━━━━━ RECORDS TO USE
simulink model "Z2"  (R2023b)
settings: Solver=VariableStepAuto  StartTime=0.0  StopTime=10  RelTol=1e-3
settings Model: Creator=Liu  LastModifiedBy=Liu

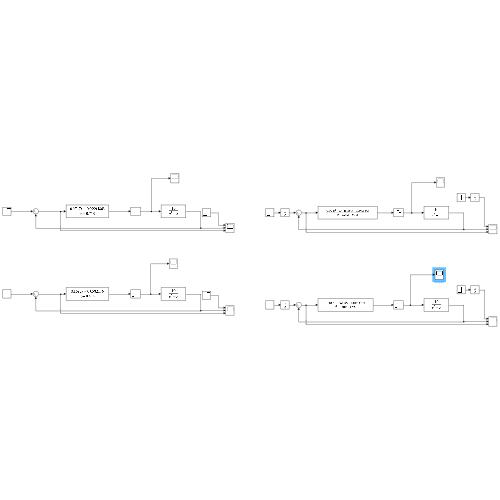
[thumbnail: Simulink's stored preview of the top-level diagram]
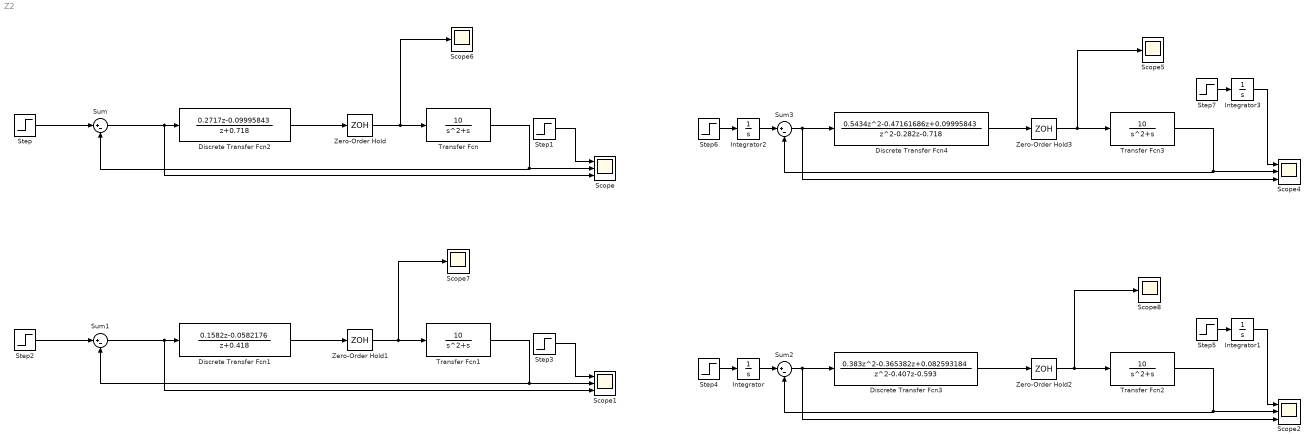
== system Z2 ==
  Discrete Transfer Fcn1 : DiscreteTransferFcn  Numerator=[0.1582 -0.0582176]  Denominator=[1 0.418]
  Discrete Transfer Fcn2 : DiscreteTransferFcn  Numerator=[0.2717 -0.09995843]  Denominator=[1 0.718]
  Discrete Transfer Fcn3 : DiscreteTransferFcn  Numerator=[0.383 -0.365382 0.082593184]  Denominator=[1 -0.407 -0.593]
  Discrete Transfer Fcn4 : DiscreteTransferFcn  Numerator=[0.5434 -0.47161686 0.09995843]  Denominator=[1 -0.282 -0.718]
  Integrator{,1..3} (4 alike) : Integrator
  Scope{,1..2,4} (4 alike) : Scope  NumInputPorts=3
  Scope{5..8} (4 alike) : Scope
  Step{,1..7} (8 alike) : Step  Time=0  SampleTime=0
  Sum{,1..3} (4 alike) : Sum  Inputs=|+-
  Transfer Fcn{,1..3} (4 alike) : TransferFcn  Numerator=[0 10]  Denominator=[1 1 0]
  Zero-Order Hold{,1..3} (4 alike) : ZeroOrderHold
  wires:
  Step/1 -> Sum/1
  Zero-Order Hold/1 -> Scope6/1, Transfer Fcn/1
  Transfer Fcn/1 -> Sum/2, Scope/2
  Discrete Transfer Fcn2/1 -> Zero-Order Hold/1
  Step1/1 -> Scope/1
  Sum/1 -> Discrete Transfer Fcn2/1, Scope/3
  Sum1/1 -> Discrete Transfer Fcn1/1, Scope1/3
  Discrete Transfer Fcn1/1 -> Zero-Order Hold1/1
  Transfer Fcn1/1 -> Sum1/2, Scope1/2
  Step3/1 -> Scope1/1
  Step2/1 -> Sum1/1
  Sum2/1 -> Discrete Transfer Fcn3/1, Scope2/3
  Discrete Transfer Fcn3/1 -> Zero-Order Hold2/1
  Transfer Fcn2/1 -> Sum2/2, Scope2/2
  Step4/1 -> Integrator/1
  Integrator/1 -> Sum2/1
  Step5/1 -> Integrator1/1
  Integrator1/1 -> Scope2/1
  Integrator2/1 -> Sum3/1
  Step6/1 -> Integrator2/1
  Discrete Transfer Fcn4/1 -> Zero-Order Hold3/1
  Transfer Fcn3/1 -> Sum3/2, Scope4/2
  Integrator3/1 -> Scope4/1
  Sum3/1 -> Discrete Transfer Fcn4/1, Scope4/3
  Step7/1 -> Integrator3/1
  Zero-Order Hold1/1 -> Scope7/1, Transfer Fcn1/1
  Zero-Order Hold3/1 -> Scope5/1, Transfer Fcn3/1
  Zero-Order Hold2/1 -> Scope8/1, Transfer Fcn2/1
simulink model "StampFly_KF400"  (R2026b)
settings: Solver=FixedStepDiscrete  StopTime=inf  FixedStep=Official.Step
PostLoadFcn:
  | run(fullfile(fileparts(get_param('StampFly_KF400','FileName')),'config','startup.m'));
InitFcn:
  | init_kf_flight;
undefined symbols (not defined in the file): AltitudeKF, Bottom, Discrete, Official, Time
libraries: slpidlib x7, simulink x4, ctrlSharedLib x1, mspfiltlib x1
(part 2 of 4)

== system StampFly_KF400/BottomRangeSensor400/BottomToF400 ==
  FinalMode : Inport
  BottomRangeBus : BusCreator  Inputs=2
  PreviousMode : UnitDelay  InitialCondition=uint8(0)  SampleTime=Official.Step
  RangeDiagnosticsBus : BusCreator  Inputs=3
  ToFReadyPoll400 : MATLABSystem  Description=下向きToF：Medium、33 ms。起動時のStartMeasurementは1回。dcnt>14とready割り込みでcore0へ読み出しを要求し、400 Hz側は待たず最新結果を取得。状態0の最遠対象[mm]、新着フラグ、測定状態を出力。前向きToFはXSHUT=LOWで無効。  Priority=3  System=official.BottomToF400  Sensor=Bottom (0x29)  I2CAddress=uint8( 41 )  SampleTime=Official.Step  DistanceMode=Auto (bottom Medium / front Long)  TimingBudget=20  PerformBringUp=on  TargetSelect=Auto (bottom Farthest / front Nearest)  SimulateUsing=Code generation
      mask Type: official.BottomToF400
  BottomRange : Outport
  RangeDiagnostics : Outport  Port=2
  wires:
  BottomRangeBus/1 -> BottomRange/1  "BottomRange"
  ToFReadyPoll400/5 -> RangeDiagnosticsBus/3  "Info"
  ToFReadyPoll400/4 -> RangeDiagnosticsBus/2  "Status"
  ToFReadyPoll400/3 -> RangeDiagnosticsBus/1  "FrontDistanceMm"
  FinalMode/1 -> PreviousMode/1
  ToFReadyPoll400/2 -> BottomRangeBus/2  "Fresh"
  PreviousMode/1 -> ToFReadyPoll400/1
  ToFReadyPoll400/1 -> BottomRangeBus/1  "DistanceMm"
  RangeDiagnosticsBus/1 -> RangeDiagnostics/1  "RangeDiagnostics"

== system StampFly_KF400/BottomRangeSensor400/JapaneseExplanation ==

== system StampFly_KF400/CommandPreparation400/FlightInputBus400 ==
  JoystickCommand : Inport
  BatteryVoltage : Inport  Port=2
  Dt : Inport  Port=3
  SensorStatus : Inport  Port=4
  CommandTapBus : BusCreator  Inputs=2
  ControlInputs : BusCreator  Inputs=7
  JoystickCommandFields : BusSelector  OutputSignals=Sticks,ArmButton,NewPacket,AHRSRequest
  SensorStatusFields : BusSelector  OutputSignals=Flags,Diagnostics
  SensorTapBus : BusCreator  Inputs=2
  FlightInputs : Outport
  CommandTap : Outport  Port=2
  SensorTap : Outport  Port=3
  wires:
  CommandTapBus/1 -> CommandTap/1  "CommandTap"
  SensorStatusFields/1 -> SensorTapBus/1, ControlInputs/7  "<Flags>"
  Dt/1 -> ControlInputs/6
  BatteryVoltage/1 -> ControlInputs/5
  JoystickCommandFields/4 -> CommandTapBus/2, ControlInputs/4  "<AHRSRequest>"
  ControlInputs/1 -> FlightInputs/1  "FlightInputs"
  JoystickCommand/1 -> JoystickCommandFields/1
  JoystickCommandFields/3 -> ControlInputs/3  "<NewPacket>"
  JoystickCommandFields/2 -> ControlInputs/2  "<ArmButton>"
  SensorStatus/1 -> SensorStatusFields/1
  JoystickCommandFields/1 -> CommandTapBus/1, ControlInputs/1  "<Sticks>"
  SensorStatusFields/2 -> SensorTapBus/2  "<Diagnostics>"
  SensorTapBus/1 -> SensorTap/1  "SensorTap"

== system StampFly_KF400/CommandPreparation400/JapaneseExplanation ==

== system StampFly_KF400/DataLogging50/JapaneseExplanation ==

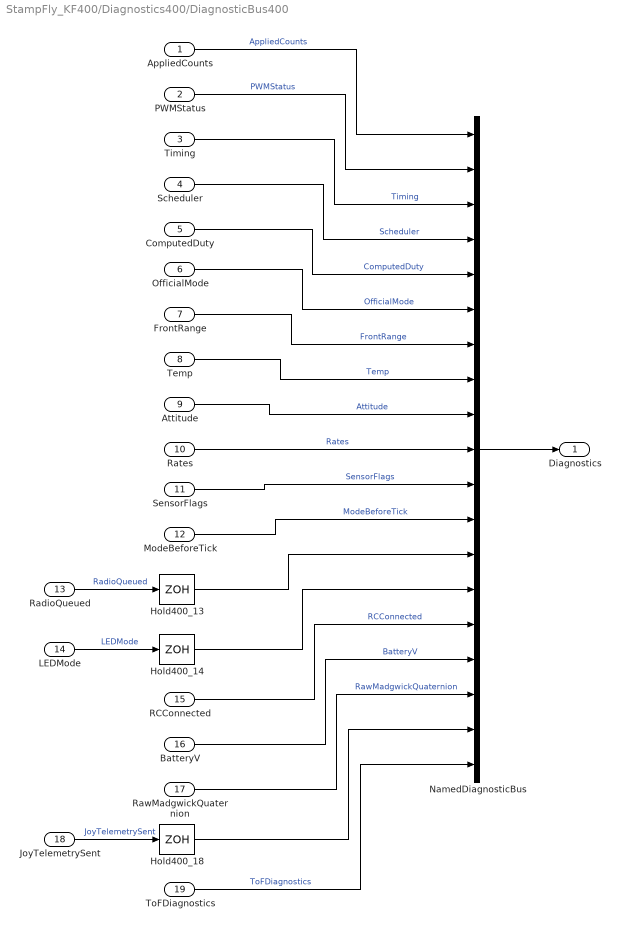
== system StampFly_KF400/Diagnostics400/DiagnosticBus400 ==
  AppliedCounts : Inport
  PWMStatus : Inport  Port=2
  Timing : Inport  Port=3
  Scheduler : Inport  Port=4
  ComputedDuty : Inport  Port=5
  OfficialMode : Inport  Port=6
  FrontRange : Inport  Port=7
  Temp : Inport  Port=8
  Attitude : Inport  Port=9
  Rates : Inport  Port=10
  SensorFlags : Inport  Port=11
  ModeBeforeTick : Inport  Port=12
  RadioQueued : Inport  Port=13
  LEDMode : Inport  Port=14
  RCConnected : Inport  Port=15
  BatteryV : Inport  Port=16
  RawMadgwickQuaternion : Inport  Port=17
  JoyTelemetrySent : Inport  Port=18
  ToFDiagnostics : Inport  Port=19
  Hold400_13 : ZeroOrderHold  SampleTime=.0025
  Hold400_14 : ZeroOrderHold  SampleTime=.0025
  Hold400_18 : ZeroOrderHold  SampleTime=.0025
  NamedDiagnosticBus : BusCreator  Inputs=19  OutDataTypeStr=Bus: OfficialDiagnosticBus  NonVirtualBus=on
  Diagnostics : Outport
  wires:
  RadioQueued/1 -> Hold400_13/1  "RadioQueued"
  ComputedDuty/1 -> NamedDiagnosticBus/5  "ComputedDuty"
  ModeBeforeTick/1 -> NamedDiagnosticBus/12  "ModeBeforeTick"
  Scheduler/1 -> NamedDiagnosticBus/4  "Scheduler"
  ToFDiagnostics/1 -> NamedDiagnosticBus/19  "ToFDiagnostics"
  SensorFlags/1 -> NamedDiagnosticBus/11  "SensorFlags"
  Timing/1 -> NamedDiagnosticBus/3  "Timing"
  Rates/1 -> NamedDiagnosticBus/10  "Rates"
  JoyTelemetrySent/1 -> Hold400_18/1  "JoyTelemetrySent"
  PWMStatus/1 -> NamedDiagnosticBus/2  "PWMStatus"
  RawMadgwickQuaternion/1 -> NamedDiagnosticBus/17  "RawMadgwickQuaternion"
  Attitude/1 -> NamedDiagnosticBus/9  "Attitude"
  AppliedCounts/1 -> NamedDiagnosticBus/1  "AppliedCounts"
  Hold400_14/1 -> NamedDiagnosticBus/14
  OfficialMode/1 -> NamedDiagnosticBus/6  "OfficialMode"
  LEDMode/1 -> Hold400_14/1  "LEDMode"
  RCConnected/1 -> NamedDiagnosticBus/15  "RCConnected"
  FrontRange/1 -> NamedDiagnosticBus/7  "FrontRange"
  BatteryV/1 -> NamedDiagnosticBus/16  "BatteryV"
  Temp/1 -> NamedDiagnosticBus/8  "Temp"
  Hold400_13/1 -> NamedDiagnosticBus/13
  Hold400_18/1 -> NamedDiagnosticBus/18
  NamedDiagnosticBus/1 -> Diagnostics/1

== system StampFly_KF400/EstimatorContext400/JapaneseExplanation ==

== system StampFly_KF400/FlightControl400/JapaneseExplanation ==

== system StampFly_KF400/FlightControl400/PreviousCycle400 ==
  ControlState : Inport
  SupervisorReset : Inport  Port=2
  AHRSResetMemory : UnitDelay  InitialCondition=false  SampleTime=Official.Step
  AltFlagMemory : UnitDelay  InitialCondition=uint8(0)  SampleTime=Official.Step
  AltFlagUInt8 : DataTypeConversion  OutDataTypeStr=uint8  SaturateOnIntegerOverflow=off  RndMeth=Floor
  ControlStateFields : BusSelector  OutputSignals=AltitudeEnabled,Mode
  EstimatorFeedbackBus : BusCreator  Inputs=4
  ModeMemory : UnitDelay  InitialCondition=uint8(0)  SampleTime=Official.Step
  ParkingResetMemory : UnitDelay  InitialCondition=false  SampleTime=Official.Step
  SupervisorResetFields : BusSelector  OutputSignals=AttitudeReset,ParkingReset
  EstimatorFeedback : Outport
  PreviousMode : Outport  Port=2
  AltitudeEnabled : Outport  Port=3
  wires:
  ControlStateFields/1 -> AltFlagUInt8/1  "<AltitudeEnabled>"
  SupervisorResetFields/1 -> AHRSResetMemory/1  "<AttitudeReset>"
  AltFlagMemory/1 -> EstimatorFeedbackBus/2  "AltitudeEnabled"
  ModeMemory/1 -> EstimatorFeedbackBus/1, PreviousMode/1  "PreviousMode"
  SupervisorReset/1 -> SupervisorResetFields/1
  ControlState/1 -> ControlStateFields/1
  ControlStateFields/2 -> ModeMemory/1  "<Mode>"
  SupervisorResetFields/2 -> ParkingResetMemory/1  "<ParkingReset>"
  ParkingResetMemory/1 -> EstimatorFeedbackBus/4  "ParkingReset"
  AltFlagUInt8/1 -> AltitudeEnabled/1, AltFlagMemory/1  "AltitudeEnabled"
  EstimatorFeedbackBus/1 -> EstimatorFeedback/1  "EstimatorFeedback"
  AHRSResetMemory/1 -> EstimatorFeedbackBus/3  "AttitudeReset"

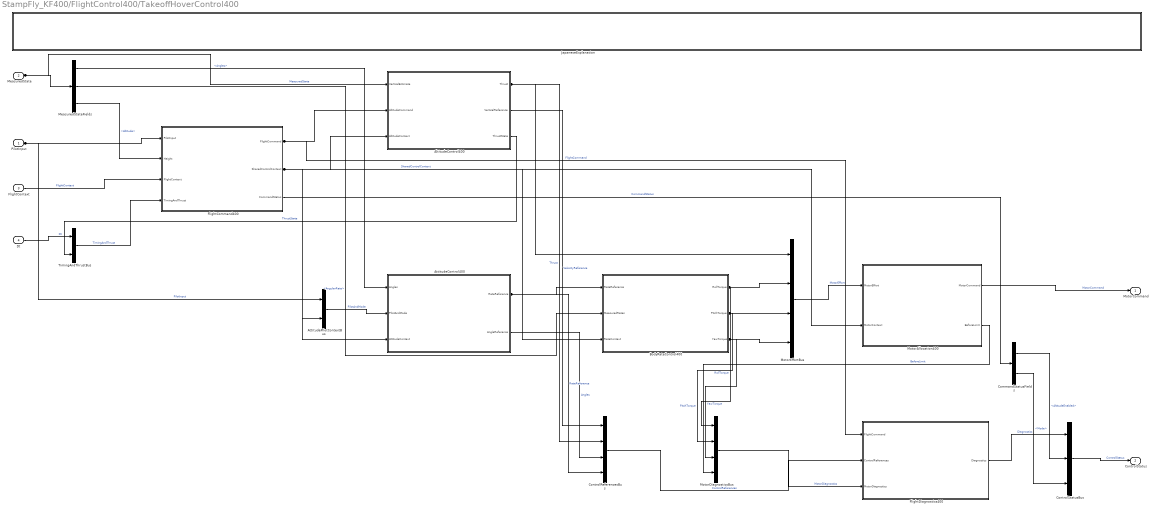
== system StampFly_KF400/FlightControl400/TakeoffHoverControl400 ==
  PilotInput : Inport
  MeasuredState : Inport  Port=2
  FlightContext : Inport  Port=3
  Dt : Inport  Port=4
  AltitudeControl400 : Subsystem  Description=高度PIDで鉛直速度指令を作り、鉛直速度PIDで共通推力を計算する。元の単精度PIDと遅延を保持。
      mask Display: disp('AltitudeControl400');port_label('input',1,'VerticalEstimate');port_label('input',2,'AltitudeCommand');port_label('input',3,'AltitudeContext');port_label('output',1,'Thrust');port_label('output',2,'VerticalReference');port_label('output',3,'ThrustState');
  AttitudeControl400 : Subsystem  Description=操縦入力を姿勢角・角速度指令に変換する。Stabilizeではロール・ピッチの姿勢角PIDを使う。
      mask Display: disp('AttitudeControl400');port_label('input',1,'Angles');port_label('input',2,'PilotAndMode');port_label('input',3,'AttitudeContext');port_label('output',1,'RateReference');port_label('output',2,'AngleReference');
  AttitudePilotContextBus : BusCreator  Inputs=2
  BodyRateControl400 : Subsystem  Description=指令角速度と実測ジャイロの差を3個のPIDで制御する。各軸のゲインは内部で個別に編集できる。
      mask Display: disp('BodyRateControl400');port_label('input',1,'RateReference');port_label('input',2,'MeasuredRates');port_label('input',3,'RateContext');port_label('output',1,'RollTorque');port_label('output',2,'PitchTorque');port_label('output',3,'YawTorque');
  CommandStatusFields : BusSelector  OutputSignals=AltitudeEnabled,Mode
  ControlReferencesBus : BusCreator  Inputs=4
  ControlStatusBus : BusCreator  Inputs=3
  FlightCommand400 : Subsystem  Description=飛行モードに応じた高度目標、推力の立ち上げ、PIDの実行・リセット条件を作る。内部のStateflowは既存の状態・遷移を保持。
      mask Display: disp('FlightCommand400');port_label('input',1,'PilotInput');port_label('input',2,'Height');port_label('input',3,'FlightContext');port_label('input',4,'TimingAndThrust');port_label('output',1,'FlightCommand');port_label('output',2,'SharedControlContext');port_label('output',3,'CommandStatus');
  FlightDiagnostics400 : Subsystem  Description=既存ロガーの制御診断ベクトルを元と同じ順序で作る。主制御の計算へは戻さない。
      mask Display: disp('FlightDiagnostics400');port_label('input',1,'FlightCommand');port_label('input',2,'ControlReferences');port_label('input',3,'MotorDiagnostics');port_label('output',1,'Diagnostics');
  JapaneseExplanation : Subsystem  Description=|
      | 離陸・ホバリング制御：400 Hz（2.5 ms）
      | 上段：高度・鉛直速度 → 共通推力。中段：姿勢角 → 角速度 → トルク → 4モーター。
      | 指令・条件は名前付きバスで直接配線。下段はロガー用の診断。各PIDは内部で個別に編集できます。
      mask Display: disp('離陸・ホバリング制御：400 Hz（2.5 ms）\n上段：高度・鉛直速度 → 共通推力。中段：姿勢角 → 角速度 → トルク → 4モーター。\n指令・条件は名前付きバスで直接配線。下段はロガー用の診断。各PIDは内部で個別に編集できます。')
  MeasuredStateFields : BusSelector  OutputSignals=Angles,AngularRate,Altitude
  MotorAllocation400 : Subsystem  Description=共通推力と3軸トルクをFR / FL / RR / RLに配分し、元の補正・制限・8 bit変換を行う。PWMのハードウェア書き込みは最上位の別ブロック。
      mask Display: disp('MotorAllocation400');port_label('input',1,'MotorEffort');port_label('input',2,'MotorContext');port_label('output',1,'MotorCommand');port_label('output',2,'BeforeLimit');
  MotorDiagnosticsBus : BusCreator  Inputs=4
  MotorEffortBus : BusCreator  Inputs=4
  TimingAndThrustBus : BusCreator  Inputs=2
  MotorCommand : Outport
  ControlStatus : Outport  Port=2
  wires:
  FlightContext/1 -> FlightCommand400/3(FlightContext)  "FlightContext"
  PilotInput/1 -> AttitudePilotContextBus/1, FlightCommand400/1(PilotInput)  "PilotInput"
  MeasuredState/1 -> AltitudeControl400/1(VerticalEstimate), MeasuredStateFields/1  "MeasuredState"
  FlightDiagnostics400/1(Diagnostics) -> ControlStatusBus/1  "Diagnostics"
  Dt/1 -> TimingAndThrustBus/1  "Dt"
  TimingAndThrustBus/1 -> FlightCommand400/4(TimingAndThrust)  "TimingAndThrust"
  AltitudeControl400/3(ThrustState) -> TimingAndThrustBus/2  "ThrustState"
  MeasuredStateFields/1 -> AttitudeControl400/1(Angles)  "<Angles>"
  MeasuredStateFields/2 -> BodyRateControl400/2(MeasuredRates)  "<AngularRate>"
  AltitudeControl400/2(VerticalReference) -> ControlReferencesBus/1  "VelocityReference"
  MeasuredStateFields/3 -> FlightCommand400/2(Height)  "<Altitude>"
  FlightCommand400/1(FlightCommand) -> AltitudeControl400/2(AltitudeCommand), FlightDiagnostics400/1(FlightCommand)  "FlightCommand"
━━━━━━━━━━
**PROBLEM**
Scan the records for lines with the string "AppliedCounts". Give the number of such lines and nothing else.

**TASK OUTPUT**
2